What is the correct type for returning a C99 `bool

2019-04-21 06:15发布

问题:

A colleague and I have been scratching our heads over how to return a bool from <stdbool.h> (a.k.a. _Bool) back to Rust via the FFI.

We have our C99 code we want to use from Rust:

bool
myfunc(void) {
   ...
}

We let Rust know about myfunc using an extern C block:

extern "C" {
    fn myfunc() -> T;
}

What concrete type should T be?

Rust doesn't have a c_bool in the libc crate, and if you search the internet, you will find various GitHub issues and RFCs where people discuss this, but don't really come to any consensus as to what is both correct and portable:

  • https://github.com/rust-lang/rfcs/issues/1982#issuecomment-297534238
  • https://github.com/rust-lang/rust/issues/14608
  • https://github.com/rust-lang/rfcs/issues/992
  • https://github.com/rust-lang/rust/pull/46156

As far as I can gather:

  • The size of a bool in C99 is undefined other than the fact it must be at least large enough to store true (1) and false (0). In other words, at least one bit long.
  • It could even be one bit wide.
  • Its size might be ABI defined.

This comment suggests that if a C99 bool is passed into a function as a parameter or out of a function as the return value, and the bool is smaller than a C int then it is promoted to the same size as an int. Under this scenario, we can tell Rust T is u32.

All right, but what if (for some reason) a C99 bool is 64 bits wide? Is u32 still safe? Perhaps under this scenario we truncate the 4 most significant bytes, which would be fine, since the 4 least significant bytes are more than enough to represent true and false.

Is my reasoning correct? Until Rust gets a libc::c_bool, what would you use for T and why is it safe and portable for all possible sizes of a C99 bool (>=1 bit)?

回答1:

As of 2018-02-01, the size of Rust's bool is officially the same as C's _Bool.

This means that bool is the correct type to use in FFI.


The rest of this answer applies to versions of Rust before the official decision was made

Until Rust gets a libc::c_bool, what would you use for T and why is it safe and portable for all possible sizes of a C99 bool (>=1 bit)?

As you've already linked to, the official answer is still "to be determined". That means that the only possibility that is guaranteed to be correct is: nothing.

That's right, as sad as it may be. The only truly safe thing would be to convert your bool to a known, fixed-size integral type, such as u8, for the purpose of FFI. That means you need to marshal it on both sides.


Practically, I'd keep using bool in my FFI code. As people have pointed out, it magically lines up on all the platforms that are in wide use at the moment. If the language decides to make bool FFI compatible, you are good to go. If they decide something else, I'd be highly surprised if they didn't introduce a lint to allow us to catch the errors quickly.

See also:

  • Is bool guaranteed to be 1 byte?


回答2:

After a lot of thought, I'm going to try answering my own question. Please comment if you can find a hole in the following reasoning.

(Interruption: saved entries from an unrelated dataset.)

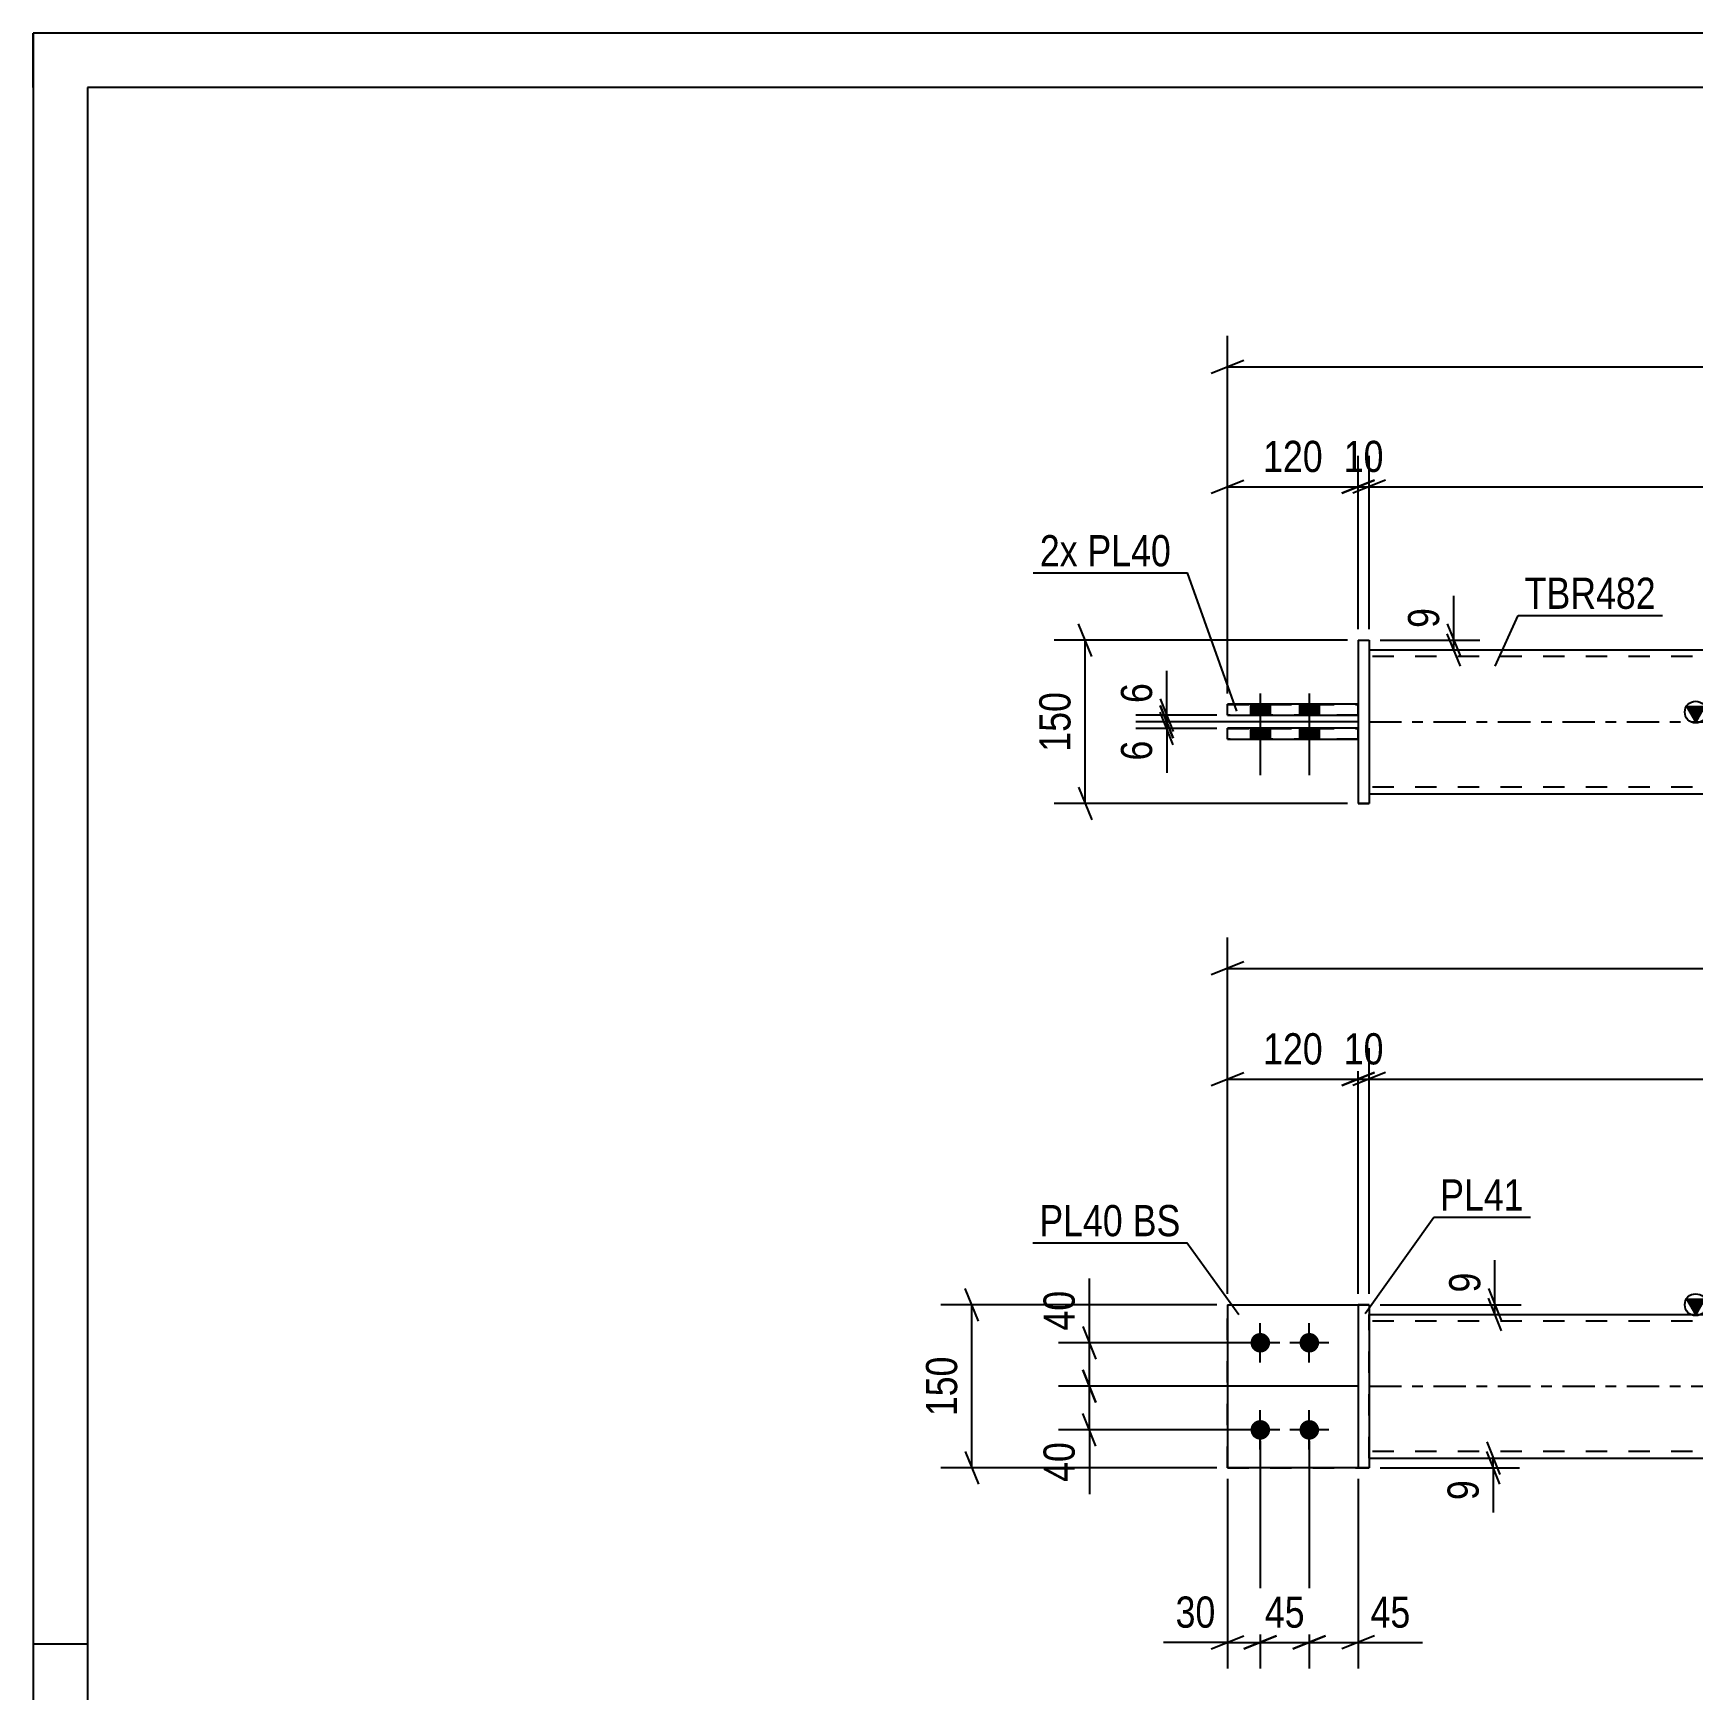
# Model space of a CAD drawing. Header units: millimetres. Extents: x 0 to 420, y 0 to 297.
# Drawn here: x 0 to 152.5, y 144.8 to 297 of the extents above; entities that cross this region are included whole.
import ezdxf

# ---------------------------------------------------------------- set-up
doc = ezdxf.new("R2010")
doc.units = ezdxf.units.MM
doc.linetypes.add('DXK_LINE_DOT2', pattern=[3.9198, 1.9599, -1.9599])
doc.linetypes.add('DXK_LINE_DOT3', pattern=[5.9187, 2.979, -0.9799, 0.9799, -0.9799])
doc.styles.add('Arial Narrow', font='ARIALN.TTF', dxfattribs={"height": 0.2})

# ---------------------------------------------------------------- blocks, each defined once
blk = doc.blocks.new('Unknown-581592121-1127')
at = {"color": 5, "linetype": 'Continuous'}
for p, q in [((420, 297), (0, 297)), ((0, 297), (0, 0)), ((0, 292), (0, 297)), ((415, 292), (5, 292)), ((5, 292), (5, 5)), ((5, 149), (0, 149))]:
    blk.add_line(p, q, dxfattribs=at)
blk = doc.blocks.new('Part-581592121-1420 - 1364')
at = {"color": 7, "linetype": 'DXK_LINE_DOT2'}
for p, q in [((109.73, 180.2), (121.73, 180.2)), ((109.73, 180.2), (121.73, 180.2)), ((109.73, 165.2), (109.73, 180.2)), ((121.73, 180.2), (121.73, 180.2)), ((121.73, 180.2), (121.73, 165.2)), ((109.73, 165.2), (121.73, 165.2)), ((121.73, 165.2), (109.73, 165.2)), ((109.73, 165.2), (109.73, 165.2))]:
    blk.add_line(p, q, dxfattribs=at)
blk = doc.blocks.new('Bolt-581592121-1378 - 1364')
at = {"linetype": 'Continuous'}
for points in [[(112.73, 175.8), (112.55, 175.82), (112.37, 175.88), (112.2, 175.97), (112.06, 176.1), (111.95, 176.25), (111.88, 176.42), (111.84, 176.6), (111.84, 176.79), (111.88, 176.98), (111.95, 177.15), (112.06, 177.3), (112.2, 177.43), (112.37, 177.52), (112.55, 177.58), (112.73, 177.6), (112.92, 177.58), (113.1, 177.52), (113.26, 177.43), (113.4, 177.3), (113.51, 177.15), (113.59, 176.98), (113.63, 176.79), (113.63, 176.6), (113.59, 176.42), (113.51, 176.25), (113.4, 176.1), (113.26, 175.97), (113.1, 175.88), (112.92, 175.82)], [(117.23, 175.8), (117.05, 175.82), (116.87, 175.88), (116.7, 175.97), (116.56, 176.1), (116.45, 176.25), (116.38, 176.42), (116.34, 176.6), (116.34, 176.79), (116.38, 176.98), (116.45, 177.15), (116.56, 177.3), (116.7, 177.43), (116.87, 177.52), (117.05, 177.58), (117.23, 177.6), (117.42, 177.58), (117.6, 177.52), (117.76, 177.43), (117.9, 177.3), (118.01, 177.15), (118.09, 176.98), (118.13, 176.79), (118.13, 176.6), (118.09, 176.42), (118.01, 176.25), (117.9, 176.1), (117.76, 175.97), (117.6, 175.88), (117.42, 175.82)], [(112.73, 167.8), (112.55, 167.82), (112.37, 167.88), (112.2, 167.97), (112.06, 168.1), (111.95, 168.25), (111.88, 168.42), (111.84, 168.6), (111.84, 168.79), (111.88, 168.98), (111.95, 169.15), (112.06, 169.3), (112.2, 169.43), (112.37, 169.52), (112.55, 169.58), (112.73, 169.6), (112.92, 169.58), (113.1, 169.52), (113.26, 169.43), (113.4, 169.3), (113.51, 169.15), (113.59, 168.98), (113.63, 168.79), (113.63, 168.6), (113.59, 168.42), (113.51, 168.25), (113.4, 168.1), (113.26, 167.97), (113.1, 167.88), (112.92, 167.82)], [(117.23, 167.8), (117.05, 167.82), (116.87, 167.88), (116.7, 167.97), (116.56, 168.1), (116.45, 168.25), (116.38, 168.42), (116.34, 168.6), (116.34, 168.79), (116.38, 168.98), (116.45, 169.15), (116.56, 169.3), (116.7, 169.43), (116.87, 169.52), (117.05, 169.58), (117.23, 169.6), (117.42, 169.58), (117.6, 169.52), (117.76, 169.43), (117.9, 169.3), (118.01, 169.15), (118.09, 168.98), (118.13, 168.79), (118.13, 168.6), (118.09, 168.42), (118.01, 168.25), (117.9, 168.1), (117.76, 167.97), (117.6, 167.88), (117.42, 167.82)]]:
    blk.add_hatch(color=1, dxfattribs=at).paths.add_polyline_path(points)
at = {"color": 1, "linetype": 'Continuous'}
for p, q in [((112.73, 174.9), (112.73, 178.5)), ((117.23, 174.9), (117.23, 178.5)), ((114.53, 176.7), (110.93, 176.7)), ((119.03, 176.7), (115.43, 176.7)), ((112.73, 166.9), (112.73, 170.5)), ((117.23, 166.9), (117.23, 170.5)), ((114.53, 168.7), (110.93, 168.7)), ((119.03, 168.7), (115.43, 168.7))]:
    blk.add_line(p, q, dxfattribs=at)
blk = doc.blocks.new('Part-581592121-1405 - 1364')
at = {"color": 2, "linetype": 'Continuous'}
for p, q in [((122.73, 180.2), (121.73, 180.2)), ((121.73, 180.2), (121.73, 165.2)), ((122.73, 180.2), (122.73, 180.2)), ((122.73, 180.2), (122.73, 165.2)), ((121.73, 165.2), (122.73, 165.2))]:
    blk.add_line(p, q, dxfattribs=at)
at = {"color": 7, "linetype": 'DXK_LINE_DOT2'}
for p, q in [((121.73, 180.2), (122.73, 180.2)), ((122.73, 165.2), (121.73, 165.2))]:
    blk.add_line(p, q, dxfattribs=at)
blk = doc.blocks.new('Part-581592121-1425 - 1364')
at = {"color": 2, "linetype": 'Continuous'}
for p, q in [((109.73, 180.2), (121.73, 180.2)), ((109.73, 180.2), (109.73, 165.2)), ((121.73, 165.2), (109.73, 165.2)), ((109.73, 165.2), (109.73, 165.2))]:
    blk.add_line(p, q, dxfattribs=at)
at = {"color": 7, "linetype": 'DXK_LINE_DOT2'}
for p, q in [((109.73, 180.2), (121.73, 180.2)), ((121.73, 180.2), (121.73, 180.2)), ((121.73, 180.2), (121.73, 165.2)), ((109.73, 165.2), (121.73, 165.2)), ((109.73, 165.2), (109.73, 165.2))]:
    blk.add_line(p, q, dxfattribs=at)
blk = doc.blocks.new('Part-581592121-1440 - 1364')
at = {"linetype": 'Continuous'}
blk.add_hatch(color=2, dxfattribs=at).paths.add_polyline_path([(152.73, 179.3), (151.93, 180.7), (153.53, 180.7)])
at = {"color": 2, "linetype": 'Continuous'}
for p, q in [((152.73, 179.3), (151.93, 180.7)), ((151.93, 180.7), (153.53, 180.7)), ((153.53, 180.7), (152.73, 179.3)), ((122.73, 179.3), (250.43, 179.3)), ((122.73, 166.1), (250.43, 166.1))]:
    blk.add_line(p, q, dxfattribs=at)
at = {"color": 7, "linetype": 'DXK_LINE_DOT2'}
for p, q in [((122.73, 166.1), (122.73, 179.3)), ((250.43, 178.7), (122.73, 178.7)), ((250.43, 179.3), (250.43, 166.1)), ((250.43, 166.7), (122.73, 166.7))]:
    blk.add_line(p, q, dxfattribs=at)
at = {"color": 7, "linetype": 'DXK_LINE_DOT3'}
blk.add_line((122.73, 172.7), (250.43, 172.7), dxfattribs=at)
at = {"color": 2, "linetype": 'Continuous'}
blk.add_circle((152.73, 180.2), 1, dxfattribs=at)
blk = doc.blocks.new('Part-581592121-1793 - 1767')
at = {"color": 2, "linetype": 'Continuous'}
for p, q in [((121.73, 233.15), (109.73, 233.15)), ((109.73, 232.15), (109.73, 233.15)), ((109.73, 232.15), (121.73, 232.15)), ((109.73, 232.14), (109.73, 232.15)), ((121.73, 232.14), (121.73, 233.15))]:
    blk.add_line(p, q, dxfattribs=at)
at = {"color": 7, "linetype": 'DXK_LINE_DOT2'}
for p, q in [((109.73, 233.14), (121.73, 233.14)), ((121.73, 232.14), (109.73, 232.14))]:
    blk.add_line(p, q, dxfattribs=at)
blk = doc.blocks.new('Part-581592121-1798 - 1767')
at = {"color": 2, "linetype": 'Continuous'}
for p, q in [((121.73, 235.35), (109.73, 235.35)), ((109.73, 234.35), (109.73, 235.35)), ((121.73, 234.34), (121.73, 235.35)), ((109.73, 234.35), (121.73, 234.35)), ((109.73, 234.34), (109.73, 234.35))]:
    blk.add_line(p, q, dxfattribs=at)
at = {"color": 7, "linetype": 'DXK_LINE_DOT2'}
for p, q in [((109.73, 235.34), (121.73, 235.34)), ((121.73, 234.34), (109.73, 234.34))]:
    blk.add_line(p, q, dxfattribs=at)
blk = doc.blocks.new('Part-581592121-1773 - 1767')
at = {"linetype": 'Continuous'}
blk.add_hatch(color=2, dxfattribs=at).paths.add_polyline_path([(152.73, 233.74), (151.93, 235.14), (153.53, 235.14)])
at = {"color": 2, "linetype": 'Continuous'}
for p, q in [((122.73, 240.34), (250.43, 240.34)), ((152.73, 233.74), (151.93, 235.14)), ((151.93, 235.14), (153.53, 235.14)), ((153.53, 235.14), (152.73, 233.74)), ((122.73, 227.14), (250.43, 227.14))]:
    blk.add_line(p, q, dxfattribs=at)
at = {"color": 7, "linetype": 'DXK_LINE_DOT2'}
for p, q in [((122.73, 240.34), (122.73, 227.14)), ((250.43, 239.74), (122.73, 239.74)), ((250.43, 240.34), (250.43, 227.14)), ((250.43, 227.74), (122.73, 227.74))]:
    blk.add_line(p, q, dxfattribs=at)
at = {"color": 7, "linetype": 'DXK_LINE_DOT3'}
blk.add_line((122.73, 233.74), (250.43, 233.74), dxfattribs=at)
at = {"color": 2, "linetype": 'Continuous'}
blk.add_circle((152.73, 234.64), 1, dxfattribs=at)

This is not the correct answer -- see the comments below

I think a Rust u8 is always safe for T.

We know that a C99 bool is an integer large enough to store 0 or 1, which means it's free to be an unsigned integer of at least 1-bit, or (if you are feeling weird) a signed integer of at least 2-bits.

Let's break it down by case:

  1. If the C99 bool is 8-bits then a Rust u8 is perfect. Even in the signed case, the top bit will be a zero since representing 0 and 1 never requires a negative power of two.

  2. If the C99 bool is larger than a Rust u8, then by "casting it down" to a 8-bit size, we only ever discard leading zeros. Thus this is safe too.

  3. Now consider the case where the C99 bool is smaller than the Rust u8. When returning a value from a C function, it's not possible to return a value of size less than one byte due to the underlying calling convention. The CC will require return value to be loaded into a register or into a location on the stack. Since the smallest register or memory location is one byte, the return value will need to be extended (with zeros) to at least a one byte sized value (and I believe the same is true of function arguments, which too must adhere to calling convention). If the value is extended to a one-byte value, then it's the same as case 1. If the value is extended to a larger size, then it's the same as case 2.